▸ PROBLEM TO WORK ON:
Read the records below. Copy each line where the string "dimarcsym" occurs.

▸ EXERCISE INPUT:
┌────────

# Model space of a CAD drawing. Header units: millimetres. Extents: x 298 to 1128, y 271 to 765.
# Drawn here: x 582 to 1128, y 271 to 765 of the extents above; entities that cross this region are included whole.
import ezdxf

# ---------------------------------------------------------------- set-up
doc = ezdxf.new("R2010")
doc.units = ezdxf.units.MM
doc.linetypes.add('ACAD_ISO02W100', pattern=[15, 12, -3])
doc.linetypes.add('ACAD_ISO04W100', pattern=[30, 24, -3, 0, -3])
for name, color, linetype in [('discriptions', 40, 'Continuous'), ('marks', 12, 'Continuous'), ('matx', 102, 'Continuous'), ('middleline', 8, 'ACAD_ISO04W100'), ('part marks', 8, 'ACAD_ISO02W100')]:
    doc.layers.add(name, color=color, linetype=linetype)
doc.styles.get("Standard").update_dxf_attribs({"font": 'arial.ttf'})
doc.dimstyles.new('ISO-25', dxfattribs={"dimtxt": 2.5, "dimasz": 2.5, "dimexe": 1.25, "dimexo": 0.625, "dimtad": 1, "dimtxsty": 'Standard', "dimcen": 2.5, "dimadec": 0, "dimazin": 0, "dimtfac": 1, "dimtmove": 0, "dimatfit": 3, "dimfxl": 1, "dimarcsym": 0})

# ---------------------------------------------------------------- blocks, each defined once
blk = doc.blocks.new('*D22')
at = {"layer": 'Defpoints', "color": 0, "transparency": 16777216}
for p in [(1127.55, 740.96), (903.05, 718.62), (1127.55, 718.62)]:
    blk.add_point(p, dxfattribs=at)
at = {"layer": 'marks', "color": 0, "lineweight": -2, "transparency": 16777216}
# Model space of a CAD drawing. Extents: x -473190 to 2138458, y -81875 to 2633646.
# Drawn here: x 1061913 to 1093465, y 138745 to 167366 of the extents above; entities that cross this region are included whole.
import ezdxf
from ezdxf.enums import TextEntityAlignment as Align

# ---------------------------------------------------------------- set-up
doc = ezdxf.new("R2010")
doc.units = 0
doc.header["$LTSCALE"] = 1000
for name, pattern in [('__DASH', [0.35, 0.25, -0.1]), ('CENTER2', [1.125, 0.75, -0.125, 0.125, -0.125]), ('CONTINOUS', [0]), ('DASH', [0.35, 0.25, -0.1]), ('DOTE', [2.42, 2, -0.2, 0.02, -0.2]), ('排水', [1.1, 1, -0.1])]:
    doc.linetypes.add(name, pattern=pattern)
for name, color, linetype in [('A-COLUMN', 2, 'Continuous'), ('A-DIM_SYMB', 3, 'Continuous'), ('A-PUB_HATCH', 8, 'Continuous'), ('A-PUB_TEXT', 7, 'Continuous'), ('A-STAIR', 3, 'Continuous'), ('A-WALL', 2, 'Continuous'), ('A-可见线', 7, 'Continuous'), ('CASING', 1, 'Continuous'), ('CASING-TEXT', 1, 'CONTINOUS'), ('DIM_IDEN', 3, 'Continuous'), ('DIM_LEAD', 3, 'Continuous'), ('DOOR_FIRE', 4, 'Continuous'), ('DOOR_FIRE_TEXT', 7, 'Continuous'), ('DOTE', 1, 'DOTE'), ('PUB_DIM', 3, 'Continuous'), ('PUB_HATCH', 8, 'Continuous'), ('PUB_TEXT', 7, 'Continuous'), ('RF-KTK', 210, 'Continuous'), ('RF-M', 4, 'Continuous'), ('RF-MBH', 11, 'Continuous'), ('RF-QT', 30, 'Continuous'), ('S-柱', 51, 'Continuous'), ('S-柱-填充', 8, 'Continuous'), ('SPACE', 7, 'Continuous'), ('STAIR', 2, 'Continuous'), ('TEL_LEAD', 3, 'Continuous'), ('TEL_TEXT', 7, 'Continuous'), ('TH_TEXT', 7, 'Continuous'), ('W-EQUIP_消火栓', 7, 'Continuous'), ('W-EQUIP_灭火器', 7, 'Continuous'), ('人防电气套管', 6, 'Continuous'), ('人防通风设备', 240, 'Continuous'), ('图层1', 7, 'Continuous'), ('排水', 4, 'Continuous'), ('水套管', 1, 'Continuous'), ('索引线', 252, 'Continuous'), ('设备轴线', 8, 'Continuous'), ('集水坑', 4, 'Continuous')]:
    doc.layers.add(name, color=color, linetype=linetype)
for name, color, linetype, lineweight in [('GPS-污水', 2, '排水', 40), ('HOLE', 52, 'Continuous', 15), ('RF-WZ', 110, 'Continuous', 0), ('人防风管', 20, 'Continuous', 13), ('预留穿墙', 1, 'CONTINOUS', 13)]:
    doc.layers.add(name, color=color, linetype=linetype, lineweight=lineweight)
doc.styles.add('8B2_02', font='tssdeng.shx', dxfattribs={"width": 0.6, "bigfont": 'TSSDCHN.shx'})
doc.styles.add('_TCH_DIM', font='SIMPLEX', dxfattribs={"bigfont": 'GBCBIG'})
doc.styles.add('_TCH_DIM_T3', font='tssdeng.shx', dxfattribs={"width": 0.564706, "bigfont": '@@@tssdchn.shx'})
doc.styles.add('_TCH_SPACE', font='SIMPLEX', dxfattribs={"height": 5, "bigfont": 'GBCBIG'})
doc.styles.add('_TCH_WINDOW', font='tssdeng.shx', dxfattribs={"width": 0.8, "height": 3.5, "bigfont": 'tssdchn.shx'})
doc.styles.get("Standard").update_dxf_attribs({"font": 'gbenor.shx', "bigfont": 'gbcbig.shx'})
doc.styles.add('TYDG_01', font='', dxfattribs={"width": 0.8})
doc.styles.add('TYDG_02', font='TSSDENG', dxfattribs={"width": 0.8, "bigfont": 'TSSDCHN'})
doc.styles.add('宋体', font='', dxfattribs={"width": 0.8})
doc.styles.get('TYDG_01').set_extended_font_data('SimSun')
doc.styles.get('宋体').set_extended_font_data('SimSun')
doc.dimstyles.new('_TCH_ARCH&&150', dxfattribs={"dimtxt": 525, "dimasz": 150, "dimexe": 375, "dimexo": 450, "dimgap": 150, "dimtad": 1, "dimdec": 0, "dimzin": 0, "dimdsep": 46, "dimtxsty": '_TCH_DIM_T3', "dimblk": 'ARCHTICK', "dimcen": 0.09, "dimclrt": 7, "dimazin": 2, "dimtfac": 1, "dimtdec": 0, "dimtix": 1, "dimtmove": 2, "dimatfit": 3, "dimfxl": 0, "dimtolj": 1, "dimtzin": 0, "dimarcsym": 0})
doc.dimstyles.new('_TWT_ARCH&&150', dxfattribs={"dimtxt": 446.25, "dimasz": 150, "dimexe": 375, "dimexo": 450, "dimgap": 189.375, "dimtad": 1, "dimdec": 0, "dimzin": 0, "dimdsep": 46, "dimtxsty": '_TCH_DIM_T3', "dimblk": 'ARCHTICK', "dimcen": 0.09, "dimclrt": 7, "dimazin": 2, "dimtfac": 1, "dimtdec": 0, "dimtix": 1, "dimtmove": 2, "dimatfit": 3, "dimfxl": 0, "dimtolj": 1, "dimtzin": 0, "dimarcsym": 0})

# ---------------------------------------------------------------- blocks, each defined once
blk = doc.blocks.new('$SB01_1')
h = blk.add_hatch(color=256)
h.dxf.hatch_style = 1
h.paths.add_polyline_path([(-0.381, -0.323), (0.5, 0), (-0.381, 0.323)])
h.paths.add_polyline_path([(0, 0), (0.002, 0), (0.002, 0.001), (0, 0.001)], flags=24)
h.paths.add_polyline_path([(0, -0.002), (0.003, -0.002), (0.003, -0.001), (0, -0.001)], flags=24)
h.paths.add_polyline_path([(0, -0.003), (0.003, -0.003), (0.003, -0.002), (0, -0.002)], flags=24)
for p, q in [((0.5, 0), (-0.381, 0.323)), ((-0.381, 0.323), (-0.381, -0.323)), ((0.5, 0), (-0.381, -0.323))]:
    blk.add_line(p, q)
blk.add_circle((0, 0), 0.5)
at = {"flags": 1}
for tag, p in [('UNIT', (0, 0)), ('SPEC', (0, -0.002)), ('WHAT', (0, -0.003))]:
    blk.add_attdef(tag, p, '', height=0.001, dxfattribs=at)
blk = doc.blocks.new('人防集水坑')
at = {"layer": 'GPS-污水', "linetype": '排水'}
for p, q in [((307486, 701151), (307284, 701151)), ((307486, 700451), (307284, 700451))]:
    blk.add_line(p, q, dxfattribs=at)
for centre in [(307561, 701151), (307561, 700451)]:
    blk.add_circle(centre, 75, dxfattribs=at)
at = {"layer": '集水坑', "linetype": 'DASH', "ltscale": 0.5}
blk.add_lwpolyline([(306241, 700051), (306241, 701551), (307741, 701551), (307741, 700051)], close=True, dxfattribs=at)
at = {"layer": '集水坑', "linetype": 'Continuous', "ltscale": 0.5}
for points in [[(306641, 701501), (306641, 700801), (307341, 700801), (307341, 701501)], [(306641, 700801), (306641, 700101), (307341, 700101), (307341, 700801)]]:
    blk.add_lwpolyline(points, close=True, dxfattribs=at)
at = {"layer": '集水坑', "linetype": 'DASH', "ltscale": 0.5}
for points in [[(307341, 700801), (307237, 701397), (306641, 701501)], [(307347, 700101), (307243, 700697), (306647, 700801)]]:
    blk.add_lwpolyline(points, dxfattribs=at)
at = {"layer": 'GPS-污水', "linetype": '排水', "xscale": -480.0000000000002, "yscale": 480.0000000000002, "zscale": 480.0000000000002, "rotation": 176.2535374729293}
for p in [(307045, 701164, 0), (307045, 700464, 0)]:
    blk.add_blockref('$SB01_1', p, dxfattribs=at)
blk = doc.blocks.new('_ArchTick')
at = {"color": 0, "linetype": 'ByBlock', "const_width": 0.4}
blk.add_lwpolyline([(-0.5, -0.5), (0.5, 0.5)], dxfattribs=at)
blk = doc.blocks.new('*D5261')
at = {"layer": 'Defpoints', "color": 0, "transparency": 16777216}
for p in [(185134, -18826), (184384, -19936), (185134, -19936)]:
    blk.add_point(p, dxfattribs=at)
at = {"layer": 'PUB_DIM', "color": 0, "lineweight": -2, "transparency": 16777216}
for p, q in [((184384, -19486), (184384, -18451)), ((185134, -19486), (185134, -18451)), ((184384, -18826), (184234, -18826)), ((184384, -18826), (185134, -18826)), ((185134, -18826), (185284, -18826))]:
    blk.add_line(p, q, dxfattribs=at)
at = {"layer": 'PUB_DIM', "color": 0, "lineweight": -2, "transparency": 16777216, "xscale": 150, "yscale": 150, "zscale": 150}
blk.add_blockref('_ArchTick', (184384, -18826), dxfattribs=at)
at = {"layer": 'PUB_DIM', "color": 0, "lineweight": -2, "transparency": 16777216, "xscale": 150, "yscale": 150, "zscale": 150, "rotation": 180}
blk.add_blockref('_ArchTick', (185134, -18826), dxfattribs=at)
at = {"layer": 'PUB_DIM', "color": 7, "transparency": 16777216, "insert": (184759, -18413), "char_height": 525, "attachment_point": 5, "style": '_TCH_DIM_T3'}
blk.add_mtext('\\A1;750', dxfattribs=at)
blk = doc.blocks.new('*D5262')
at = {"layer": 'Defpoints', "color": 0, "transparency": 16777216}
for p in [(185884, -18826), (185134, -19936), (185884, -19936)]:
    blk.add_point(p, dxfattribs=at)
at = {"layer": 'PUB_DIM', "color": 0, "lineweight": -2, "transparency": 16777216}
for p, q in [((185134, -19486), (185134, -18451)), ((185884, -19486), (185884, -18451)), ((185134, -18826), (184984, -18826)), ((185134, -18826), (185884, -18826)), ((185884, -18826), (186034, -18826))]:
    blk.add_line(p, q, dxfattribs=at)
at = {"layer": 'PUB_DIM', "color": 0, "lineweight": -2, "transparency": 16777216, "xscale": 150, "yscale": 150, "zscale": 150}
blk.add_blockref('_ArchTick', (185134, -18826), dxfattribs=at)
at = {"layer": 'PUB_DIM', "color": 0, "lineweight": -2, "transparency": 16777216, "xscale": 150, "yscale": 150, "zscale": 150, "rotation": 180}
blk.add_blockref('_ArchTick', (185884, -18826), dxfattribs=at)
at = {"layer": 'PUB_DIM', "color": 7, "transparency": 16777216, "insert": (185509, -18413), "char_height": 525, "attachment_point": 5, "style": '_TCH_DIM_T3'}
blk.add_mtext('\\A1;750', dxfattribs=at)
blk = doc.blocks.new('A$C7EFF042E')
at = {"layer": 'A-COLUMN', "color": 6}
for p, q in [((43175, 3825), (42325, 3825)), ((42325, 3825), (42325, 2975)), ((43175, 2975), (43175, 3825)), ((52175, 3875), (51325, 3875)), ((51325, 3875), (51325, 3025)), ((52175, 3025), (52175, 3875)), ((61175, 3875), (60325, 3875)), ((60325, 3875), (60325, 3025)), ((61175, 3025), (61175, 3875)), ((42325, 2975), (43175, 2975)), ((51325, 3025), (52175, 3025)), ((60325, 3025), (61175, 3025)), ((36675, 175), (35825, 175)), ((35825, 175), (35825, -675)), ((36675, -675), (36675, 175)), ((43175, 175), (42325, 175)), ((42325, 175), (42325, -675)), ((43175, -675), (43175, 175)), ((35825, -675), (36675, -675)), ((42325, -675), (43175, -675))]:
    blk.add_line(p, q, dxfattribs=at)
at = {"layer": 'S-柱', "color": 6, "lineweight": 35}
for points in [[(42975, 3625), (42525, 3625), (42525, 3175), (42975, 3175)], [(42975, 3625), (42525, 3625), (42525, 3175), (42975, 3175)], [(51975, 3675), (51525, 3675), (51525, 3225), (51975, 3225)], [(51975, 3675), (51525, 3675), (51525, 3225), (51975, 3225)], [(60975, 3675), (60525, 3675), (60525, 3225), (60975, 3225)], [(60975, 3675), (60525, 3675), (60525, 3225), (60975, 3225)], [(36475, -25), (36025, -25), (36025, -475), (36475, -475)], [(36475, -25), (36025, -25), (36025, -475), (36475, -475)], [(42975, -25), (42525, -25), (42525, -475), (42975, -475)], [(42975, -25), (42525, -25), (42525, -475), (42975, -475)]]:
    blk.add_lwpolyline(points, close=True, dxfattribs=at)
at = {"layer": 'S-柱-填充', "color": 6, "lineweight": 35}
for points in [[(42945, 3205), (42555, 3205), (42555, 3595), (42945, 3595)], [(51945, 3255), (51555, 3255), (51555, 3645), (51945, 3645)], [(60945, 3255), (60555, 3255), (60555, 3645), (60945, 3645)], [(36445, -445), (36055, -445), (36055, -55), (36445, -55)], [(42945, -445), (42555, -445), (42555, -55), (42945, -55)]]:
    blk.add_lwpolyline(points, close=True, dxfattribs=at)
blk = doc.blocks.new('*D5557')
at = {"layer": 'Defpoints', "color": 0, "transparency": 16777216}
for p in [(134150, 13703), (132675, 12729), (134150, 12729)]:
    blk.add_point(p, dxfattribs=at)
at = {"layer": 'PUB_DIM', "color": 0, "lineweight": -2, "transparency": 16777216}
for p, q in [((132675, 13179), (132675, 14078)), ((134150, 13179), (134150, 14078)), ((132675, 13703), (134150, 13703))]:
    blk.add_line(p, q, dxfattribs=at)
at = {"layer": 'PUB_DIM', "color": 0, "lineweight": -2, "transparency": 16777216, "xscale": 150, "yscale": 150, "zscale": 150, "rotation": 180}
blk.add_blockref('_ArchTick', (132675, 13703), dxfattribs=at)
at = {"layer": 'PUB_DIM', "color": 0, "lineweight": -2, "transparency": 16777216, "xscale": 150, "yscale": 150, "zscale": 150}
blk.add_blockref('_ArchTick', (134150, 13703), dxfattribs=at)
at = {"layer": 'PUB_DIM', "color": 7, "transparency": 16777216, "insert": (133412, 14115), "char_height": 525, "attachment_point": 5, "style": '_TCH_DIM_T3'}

└────────

▸ RESPONSE AREA:
doc.dimstyles.new('ISO-25', dxfattribs={"dimtxt": 2.5, "dimasz": 2.5, "dimexe": 1.25, "dimexo": 0.625, "dimtad": 1, "dimtxsty": 'Standard', "dimcen": 2.5, "dimadec": 0, "dimazin": 0, "dimtfac": 1, "dimtmove": 0, "dimatfit": 3, "dimfxl": 1, "dimarcsym": 0})
doc.dimstyles.new('_TCH_ARCH&&150', dxfattribs={"dimtxt": 525, "dimasz": 150, "dimexe": 375, "dimexo": 450, "dimgap": 150, "dimtad": 1, "dimdec": 0, "dimzin": 0, "dimdsep": 46, "dimtxsty": '_TCH_DIM_T3', "dimblk": 'ARCHTICK', "dimcen": 0.09, "dimclrt": 7, "dimazin": 2, "dimtfac": 1, "dimtdec": 0, "dimtix": 1, "dimtmove": 2, "dimatfit": 3, "dimfxl": 0, "dimtolj": 1, "dimtzin": 0, "dimarcsym": 0})
doc.dimstyles.new('_TWT_ARCH&&150', dxfattribs={"dimtxt": 446.25, "dimasz": 150, "dimexe": 375, "dimexo": 450, "dimgap": 189.375, "dimtad": 1, "dimdec": 0, "dimzin": 0, "dimdsep": 46, "dimtxsty": '_TCH_DIM_T3', "dimblk": 'ARCHTICK', "dimcen": 0.09, "dimclrt": 7, "dimazin": 2, "dimtfac": 1, "dimtdec": 0, "dimtix": 1, "dimtmove": 2, "dimatfit": 3, "dimfxl": 0, "dimtolj": 1, "dimtzin": 0, "dimarcsym": 0})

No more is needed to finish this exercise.